Chloroform: Old Anesthetic or Common Poison

Chloroform is part of the family of solvents and is called trichlo methane CHCl3. The toxicity of chloroform is mainly 1. Neurological (central nervous system depression), 2. Cardiac (cardiac arrhythmias) a 3. Hepatic and 4. Renal.

In order to understand its mode of action, it is important to emphasize that chloroform is mainly metabolized in the liver with enzymes such as Cytochrome P450 into an extremely potent final toxic product, Phosgene.

When chloroform concentrations are low, hepatic cytochrome P2E1 will be activated and when the concentrations are high, hepatic Cytochrome P2B1 / 2 will be activated.

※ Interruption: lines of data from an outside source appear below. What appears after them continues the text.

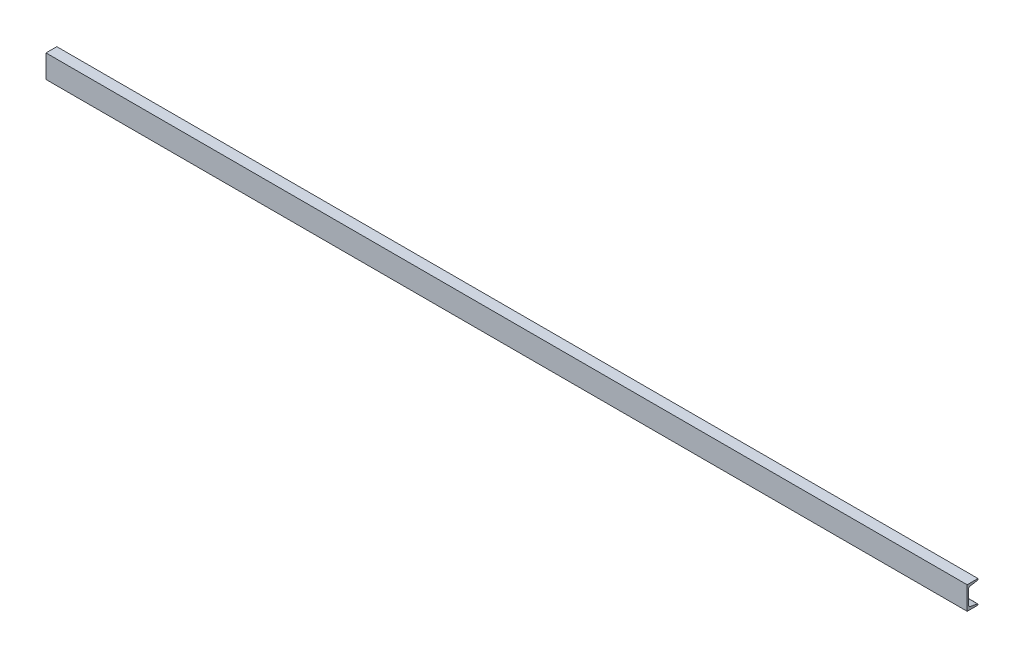
ISO-10303-21;
HEADER;
FILE_DESCRIPTION(('STEP AP214'),'2;1');
FILE_NAME('part.step','',(''),(''),'','','');
FILE_SCHEMA(('AUTOMOTIVE_DESIGN { 1 0 10303 214 1 1 1 1 }'));
ENDSEC;
DATA;
#1=APPLICATION_CONTEXT('core data for automotive mechanical design processes');
#2=APPLICATION_PROTOCOL_DEFINITION('international standard','automotive_design',2000,#1);
#3=PRODUCT_CONTEXT('',#1,'mechanical');
#4=PRODUCT('Part','Part','',(#3));
#5=PRODUCT_RELATED_PRODUCT_CATEGORY('part','',(#4));
#6=PRODUCT_DEFINITION_FORMATION('','',#4);
#7=PRODUCT_DEFINITION_CONTEXT('part definition',#1,'design');
#8=PRODUCT_DEFINITION('design','',#6,#7);
#9=PRODUCT_DEFINITION_SHAPE('','',#8);
#10=(LENGTH_UNIT() NAMED_UNIT(*) SI_UNIT(.MILLI.,.METRE.));
#11=(NAMED_UNIT(*) PLANE_ANGLE_UNIT() SI_UNIT($,.RADIAN.));
#12=(NAMED_UNIT(*) SI_UNIT($,.STERADIAN.) SOLID_ANGLE_UNIT());
#13=UNCERTAINTY_MEASURE_WITH_UNIT(LENGTH_MEASURE(1.E-05),#10,'distance_accuracy_value','');
#14=(GEOMETRIC_REPRESENTATION_CONTEXT(3) GLOBAL_UNCERTAINTY_ASSIGNED_CONTEXT((#13)) GLOBAL_UNIT_ASSIGNED_CONTEXT((#10,
#11,#12)) REPRESENTATION_CONTEXT('',''));
#15=CARTESIAN_POINT('',(0.,0.,0.));
#16=DIRECTION('',(0.,0.,1.));
#17=DIRECTION('',(1.,0.,0.));
#18=AXIS2_PLACEMENT_3D('',#15,#16,#17);
#19=CARTESIAN_POINT('',(3048.,-38.1,0.));
#20=DIRECTION('',(0.,1.,0.));
#21=DIRECTION('',(0.,0.,1.));
#22=AXIS2_PLACEMENT_3D('',#19,#20,#21);
#23=PLANE('',#22);
#24=DIRECTION('',(0.,0.,-1.));
#25=VECTOR('',#24,1.);
#26=CARTESIAN_POINT('',(0.,-38.1,0.));
#27=LINE('',#26,#25);
#28=CARTESIAN_POINT('',(0.,-38.1,0.));
#29=VERTEX_POINT('',#28);
#30=CARTESIAN_POINT('',(0.,-38.1,-35.814));
#31=VERTEX_POINT('',#30);
#32=EDGE_CURVE('E194',#29,#31,#27,.T.);
#33=ORIENTED_EDGE('',*,*,#32,.T.);
#34=DIRECTION('',(-1.,0.,0.));
#35=VECTOR('',#34,1.);
#36=CARTESIAN_POINT('',(3048.,-38.1,-35.814));
#37=LINE('',#36,#35);
#38=CARTESIAN_POINT('',(3048.,-38.1,-35.814));
#39=VERTEX_POINT('',#38);
#40=EDGE_CURVE('E13',#39,#31,#37,.T.);
#41=ORIENTED_EDGE('',*,*,#40,.F.);
#42=DIRECTION('',(0.,0.,-1.));
#43=VECTOR('',#42,1.);
#44=CARTESIAN_POINT('',(3048.,-38.1,0.));
#45=LINE('',#44,#43);
#46=CARTESIAN_POINT('',(3048.,-38.1,0.));
#47=VERTEX_POINT('',#46);
#48=EDGE_CURVE('E216',#47,#39,#45,.T.);
#49=ORIENTED_EDGE('',*,*,#48,.F.);
#50=DIRECTION('',(-1.,0.,0.));
#51=VECTOR('',#50,1.);
#52=CARTESIAN_POINT('',(3048.,-38.1,0.));
#53=LINE('',#52,#51);
#54=EDGE_CURVE('E190',#47,#29,#53,.T.);
#55=ORIENTED_EDGE('',*,*,#54,.T.);
#56=EDGE_LOOP('',(#33,#41,#49,#55));
#57=FACE_BOUND('',#56,.T.);
#58=ADVANCED_FACE('F74',(#57),#23,.F.);
#59=CARTESIAN_POINT('',(3048.,-38.1,-35.814));
#60=DIRECTION('',(0.,0.,1.));
#61=DIRECTION('',(1.,0.,0.));
#62=AXIS2_PLACEMENT_3D('',#59,#60,#61);
#63=PLANE('',#62);
#64=DIRECTION('',(0.,1.,0.));
#65=VECTOR('',#64,1.);
#66=CARTESIAN_POINT('',(0.,-38.1,-35.814));
#67=LINE('',#66,#65);
#68=CARTESIAN_POINT('',(0.,-35.942335135838,-35.814));
#69=VERTEX_POINT('',#68);
#70=EDGE_CURVE('E197',#31,#69,#67,.T.);
#71=ORIENTED_EDGE('',*,*,#70,.T.);
#72=DIRECTION('',(-1.,0.,0.));
#73=VECTOR('',#72,1.);
#74=CARTESIAN_POINT('',(3048.,-35.942335135838,-35.814));
#75=LINE('',#74,#73);
#76=CARTESIAN_POINT('',(3048.,-35.942335135838,-35.814));
#77=VERTEX_POINT('',#76);
#78=EDGE_CURVE('E82',#77,#69,#75,.T.);
#79=ORIENTED_EDGE('',*,*,#78,.F.);
#80=DIRECTION('',(0.,1.,0.));
#81=VECTOR('',#80,1.);
#82=CARTESIAN_POINT('',(3048.,-38.1,-35.814));
#83=LINE('',#82,#81);
#84=EDGE_CURVE('E145',#39,#77,#83,.T.);
#85=ORIENTED_EDGE('',*,*,#84,.F.);
#86=ORIENTED_EDGE('',*,*,#40,.T.);
#87=EDGE_LOOP('',(#71,#79,#85,#86));
#88=FACE_BOUND('',#87,.T.);
#89=ADVANCED_FACE('F294',(#88),#63,.F.);
#90=CARTESIAN_POINT('',(3048.,-35.942335135838,-33.274));
#91=DIRECTION('',(-1.,0.,0.));
#92=DIRECTION('',(0.,0.,1.));
#93=AXIS2_PLACEMENT_3D('',#90,#91,#92);
#94=CYLINDRICAL_SURFACE('',#93,2.54);
#95=CARTESIAN_POINT('',(0.,-35.942335135838,-33.274));
#96=DIRECTION('',(1.,0.,0.));
#97=DIRECTION('',(0.,0.,-1.));
#98=AXIS2_PLACEMENT_3D('',#95,#96,#97);
#99=CIRCLE('',#98,2.54);
#100=CARTESIAN_POINT('',(0.,-33.4368995092487,-33.6916030663407));
#101=VERTEX_POINT('',#100);
#102=EDGE_CURVE('E199',#69,#101,#99,.T.);
#103=ORIENTED_EDGE('',*,*,#102,.T.);
#104=DIRECTION('',(-1.,0.,0.));
#105=VECTOR('',#104,1.);
#106=CARTESIAN_POINT('',(3048.,-33.4368995092487,-33.6916030663407));
#107=LINE('',#106,#105);
#108=CARTESIAN_POINT('',(3048.,-33.4368995092487,-33.6916030663407));
#109=VERTEX_POINT('',#108);
#110=EDGE_CURVE('E235',#109,#101,#107,.T.);
#111=ORIENTED_EDGE('',*,*,#110,.F.);
#112=CARTESIAN_POINT('',(3048.,-35.942335135838,-33.274));
#113=DIRECTION('',(1.,0.,0.));
#114=DIRECTION('',(0.,0.,-1.));
#115=AXIS2_PLACEMENT_3D('',#112,#113,#114);
#116=CIRCLE('',#115,2.54);
#117=EDGE_CURVE('E243',#77,#109,#116,.T.);
#118=ORIENTED_EDGE('',*,*,#117,.F.);
#119=ORIENTED_EDGE('',*,*,#78,.T.);
#120=EDGE_LOOP('',(#103,#111,#118,#119));
#121=FACE_BOUND('',#120,.T.);
#122=ADVANCED_FACE('F241',(#121),#94,.T.);
#123=CARTESIAN_POINT('',(3048.,-29.4960901573835,-10.0484717208802));
#124=DIRECTION('',(0.,-0.986391978972162,0.164410656039631));
#125=DIRECTION('',(0.,-0.164410656039631,-0.986391978972162));
#126=AXIS2_PLACEMENT_3D('',#123,#124,#125);
#127=PLANE('',#126);
#128=DIRECTION('',(0.,0.164410656039631,0.986391978972162));
#129=VECTOR('',#128,1.);
#130=CARTESIAN_POINT('',(0.,-29.4960901573835,-10.0484717208802));
#131=LINE('',#130,#129);
#132=CARTESIAN_POINT('',(0.,-29.4960901573835,-10.0484717208802));
#133=VERTEX_POINT('',#132);
#134=EDGE_CURVE('E201',#101,#133,#131,.T.);
#135=ORIENTED_EDGE('',*,*,#134,.T.);
#136=DIRECTION('',(-1.,0.,0.));
#137=VECTOR('',#136,1.);
#138=CARTESIAN_POINT('',(3048.,-29.4960901573835,-10.0484717208802));
#139=LINE('',#138,#137);
#140=CARTESIAN_POINT('',(3048.,-29.4960901573835,-10.0484717208802));
#141=VERTEX_POINT('',#140);
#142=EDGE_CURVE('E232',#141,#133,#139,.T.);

At high concentration chloroform will act as a sub-anesthetic somewhat similar to alcohol.

Acute clinical signs (high doses) are quite obvious such as drowsiness, dizziness, loss of orientation, lack of motor coordination or coma vomiting in severe cases and death of intoxicated persons.

Chloroform also causes the release of catecholamines, which can induce cardiac arrhythmias (fatal depending on the individual). If chloroform is administered in a subacute or chronic dose, it can also cause liver and kidney diseases: inflammation, necrosis, regenerative proliferation.

The International Agency for Research on Cancer (IARC) has classified chloroform as a Category 2B carcinogen ie potentially carcinogenic to human health. It has been shown to be a carcinogen in animal studies, but there is insufficient evidence to date to extrapolate these results to humans because the sensitivity to chloroform in laboratory animals is much higher compared to 'man.